# Hendriksen/Kistemaker for e-Sword for only $49.99!!!



## DMcFadden (Dec 15, 2008)

*Enter coupon code BNTC and Save $10 today! (Reg. $59.99; Now Only $49.99!) 
Exclusive subscriber offer ends December 31, 2008*.*

Baker's New Testament Commentary, 12 Volumes - e-Sword PC Format (NOT for Pocket e-Sword)
C0013 
William Hendriksen , Simon J. Kistemaker 
Baker
PRICE: $59.99
*Format: e-Sword PC ONLY
$180 in Print Value! 

An Award-winning Evangelical Commentary on the Entire New Testament - $180 in print value!

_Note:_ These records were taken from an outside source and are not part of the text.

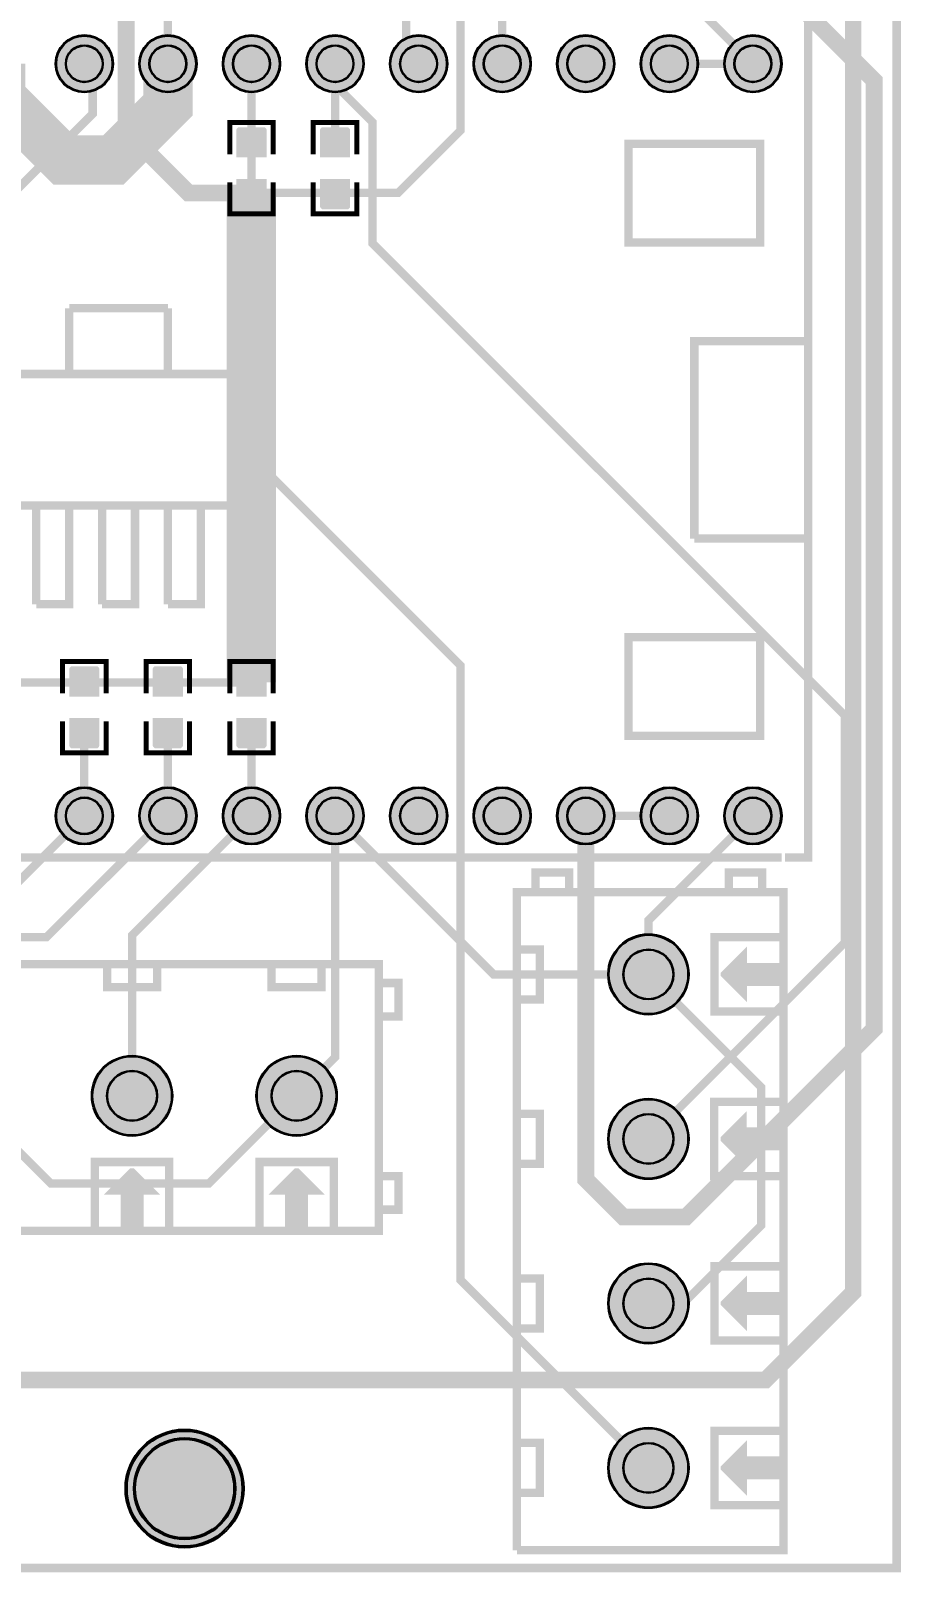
# Model space of a CAD drawing. Header units: millimetres. Extents: x 0 to 100, y 0 to 70.
# Drawn here: x 73.69 to 100.32, y -0.13 to 46.72 of the extents above; entities that cross this region are included whole.
import ezdxf

# ---------------------------------------------------------------- set-up
doc = ezdxf.new("R2010")
doc.units = ezdxf.units.MM
for name, color, linetype, true_color in [('BoardOutLine', 7, 'Continuous', 0xff00ff), ('BottomLayer', 7, 'Continuous', 0x0000ff), ('BottomSolderMaskLayer', 7, 'Continuous', 0xaa00ff), ('Document', 7, 'Continuous', 0xffffff), ('Multi-Layer', 7, 'Continuous', 0xc0c0c0), ('TopLayer', 7, 'Continuous', 0xff0000), ('TopPasteMaskLayer', 7, 'Continuous', 0x808080), ('TopSilkLayer', 7, 'Continuous', 0xffcc00), ('TopSolderMaskLayer', 7, 'Continuous', 0x800080)]:
    doc.layers.add(name, color=color, linetype=linetype, true_color=true_color)

msp = doc.modelspace()

# ---------------------------------------------------------------- hatches: boundary and pattern name
at = {"layer": 'BottomSolderMaskLayer'}
for points in [[(74.436, 45.72, 1), (76.187, 45.72, 1)], [(76.976, 45.72, 1), (78.727, 45.72, 1)], [(79.516, 45.72, 1), (81.267, 45.72, 1)], [(82.056, 45.72, 1), (83.807, 45.72, 1)], [(84.596, 45.72, 1), (86.347, 45.72, 1)], [(87.136, 45.72, 1), (88.887, 45.72, 1)], [(89.676, 45.72, 1), (91.427, 45.72, 1)], [(92.216, 45.72, 1), (93.967, 45.72, 1)], [(94.756, 45.72, 1), (96.507, 45.72, 1)], [(74.436, 22.86, 1), (76.187, 22.86, 1)], [(76.976, 22.86, 1), (78.727, 22.86, 1)], [(79.516, 22.86, 1), (81.267, 22.86, 1)], [(82.056, 22.86, 1), (83.807, 22.86, 1)], [(84.596, 22.86, 1), (86.347, 22.86, 1)], [(87.136, 22.86, 1), (88.887, 22.86, 1)], [(89.676, 22.86, 1), (91.427, 22.86, 1)], [(92.216, 22.86, 1), (93.967, 22.86, 1)], [(94.756, 22.86, 1), (96.507, 22.86, 1)], [(91.231, 18.041, 1), (93.682, 18.041, 1)], [(75.537, 14.351, 1), (77.988, 14.351, 1)], [(80.537, 14.351, 1), (82.988, 14.351, 1)], [(91.231, 13.041, 1), (93.682, 13.041, 1)], [(91.231, 8.041, 1), (93.682, 8.041, 1)], [(91.231, 3.041, 1), (93.682, 3.041, 1)], [(76.558, 2.413, 1), (80.16, 2.413, 1)]]:
    msp.add_hatch(color=256, dxfattribs=at).paths.add_polyline_path(points)
at = {"layer": 'Document'}
for points in [[(96.557, 16.786), (94.467, 16.786), (94.45, 16.787), (94.434, 16.791), (94.418, 16.796), (94.403, 16.803), (94.39, 16.812), (94.377, 16.823), (94.366, 16.836), (94.357, 16.85), (94.35, 16.865), (94.344, 16.88), (94.341, 16.897), (94.34, 16.913), (94.34, 19.169), (94.341, 19.185), (94.344, 19.202), (94.35, 19.217), (94.357, 19.232), (94.366, 19.246), (94.377, 19.259), (94.39, 19.269), (94.403, 19.279), (94.418, 19.286), (94.434, 19.291), (94.45, 19.295), (94.467, 19.296), (96.557, 19.296), (96.574, 19.295), (96.59, 19.291), (96.606, 19.286), (96.621, 19.279), (96.635, 19.269), (96.647, 19.259), (96.658, 19.246), (96.667, 19.232), (96.675, 19.217), (96.68, 19.202), (96.683, 19.185), (96.684, 19.169), (96.683, 19.152), (96.68, 19.136), (96.675, 19.12), (96.667, 19.105), (96.658, 19.091), (96.647, 19.079), (96.635, 19.068), (96.621, 19.059), (96.606, 19.051), (96.59, 19.046), (96.574, 19.043), (96.557, 19.042), (94.594, 19.042), (94.594, 17.04), (96.557, 17.04), (96.574, 17.039), (96.59, 17.036), (96.606, 17.031), (96.621, 17.023), (96.635, 17.014), (96.647, 17.003), (96.658, 16.99), (96.667, 16.977), (96.675, 16.962), (96.68, 16.946), (96.683, 16.93), (96.684, 16.913), (96.683, 16.897), (96.68, 16.88), (96.675, 16.865), (96.667, 16.85), (96.658, 16.836), (96.647, 16.823), (96.635, 16.812), (96.621, 16.803), (96.606, 16.796), (96.59, 16.791), (96.574, 16.787), (96.557, 16.786)], [(96.556, 17.691), (95.456, 17.691), (95.456, 17.191), (95.456, 17.191), (94.656, 17.991), (94.656, 18.091), (95.456, 18.891), (95.456, 18.391), (96.556, 18.391)], [(96.547, 11.786), (94.457, 11.786), (94.44, 11.787), (94.424, 11.791), (94.408, 11.796), (94.393, 11.803), (94.379, 11.812), (94.367, 11.823), (94.356, 11.836), (94.347, 11.85), (94.339, 11.865), (94.334, 11.88), (94.331, 11.897), (94.33, 11.913), (94.33, 14.169), (94.331, 14.185), (94.334, 14.202), (94.339, 14.217), (94.347, 14.232), (94.356, 14.246), (94.367, 14.259), (94.379, 14.27), (94.393, 14.279), (94.408, 14.286), (94.424, 14.291), (94.44, 14.295), (94.457, 14.296), (96.547, 14.296), (96.564, 14.295), (96.58, 14.291), (96.596, 14.286), (96.611, 14.279), (96.624, 14.27), (96.637, 14.259), (96.648, 14.246), (96.657, 14.232), (96.665, 14.217), (96.67, 14.202), (96.673, 14.185), (96.674, 14.169), (96.673, 14.152), (96.67, 14.136), (96.665, 14.12), (96.657, 14.105), (96.648, 14.091), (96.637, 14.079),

This renowned commentary is for serious Bible students, pastors, and teachers who want the insight of quality evangelical scholarship communicated with clarity. Each volume offers fresh translation, repetition of the text before each exegetical unit, verse-by-verse comments and applications, critical notes on the Greek text, and chapter summaries.It includes the best of sound exegesis and practical application.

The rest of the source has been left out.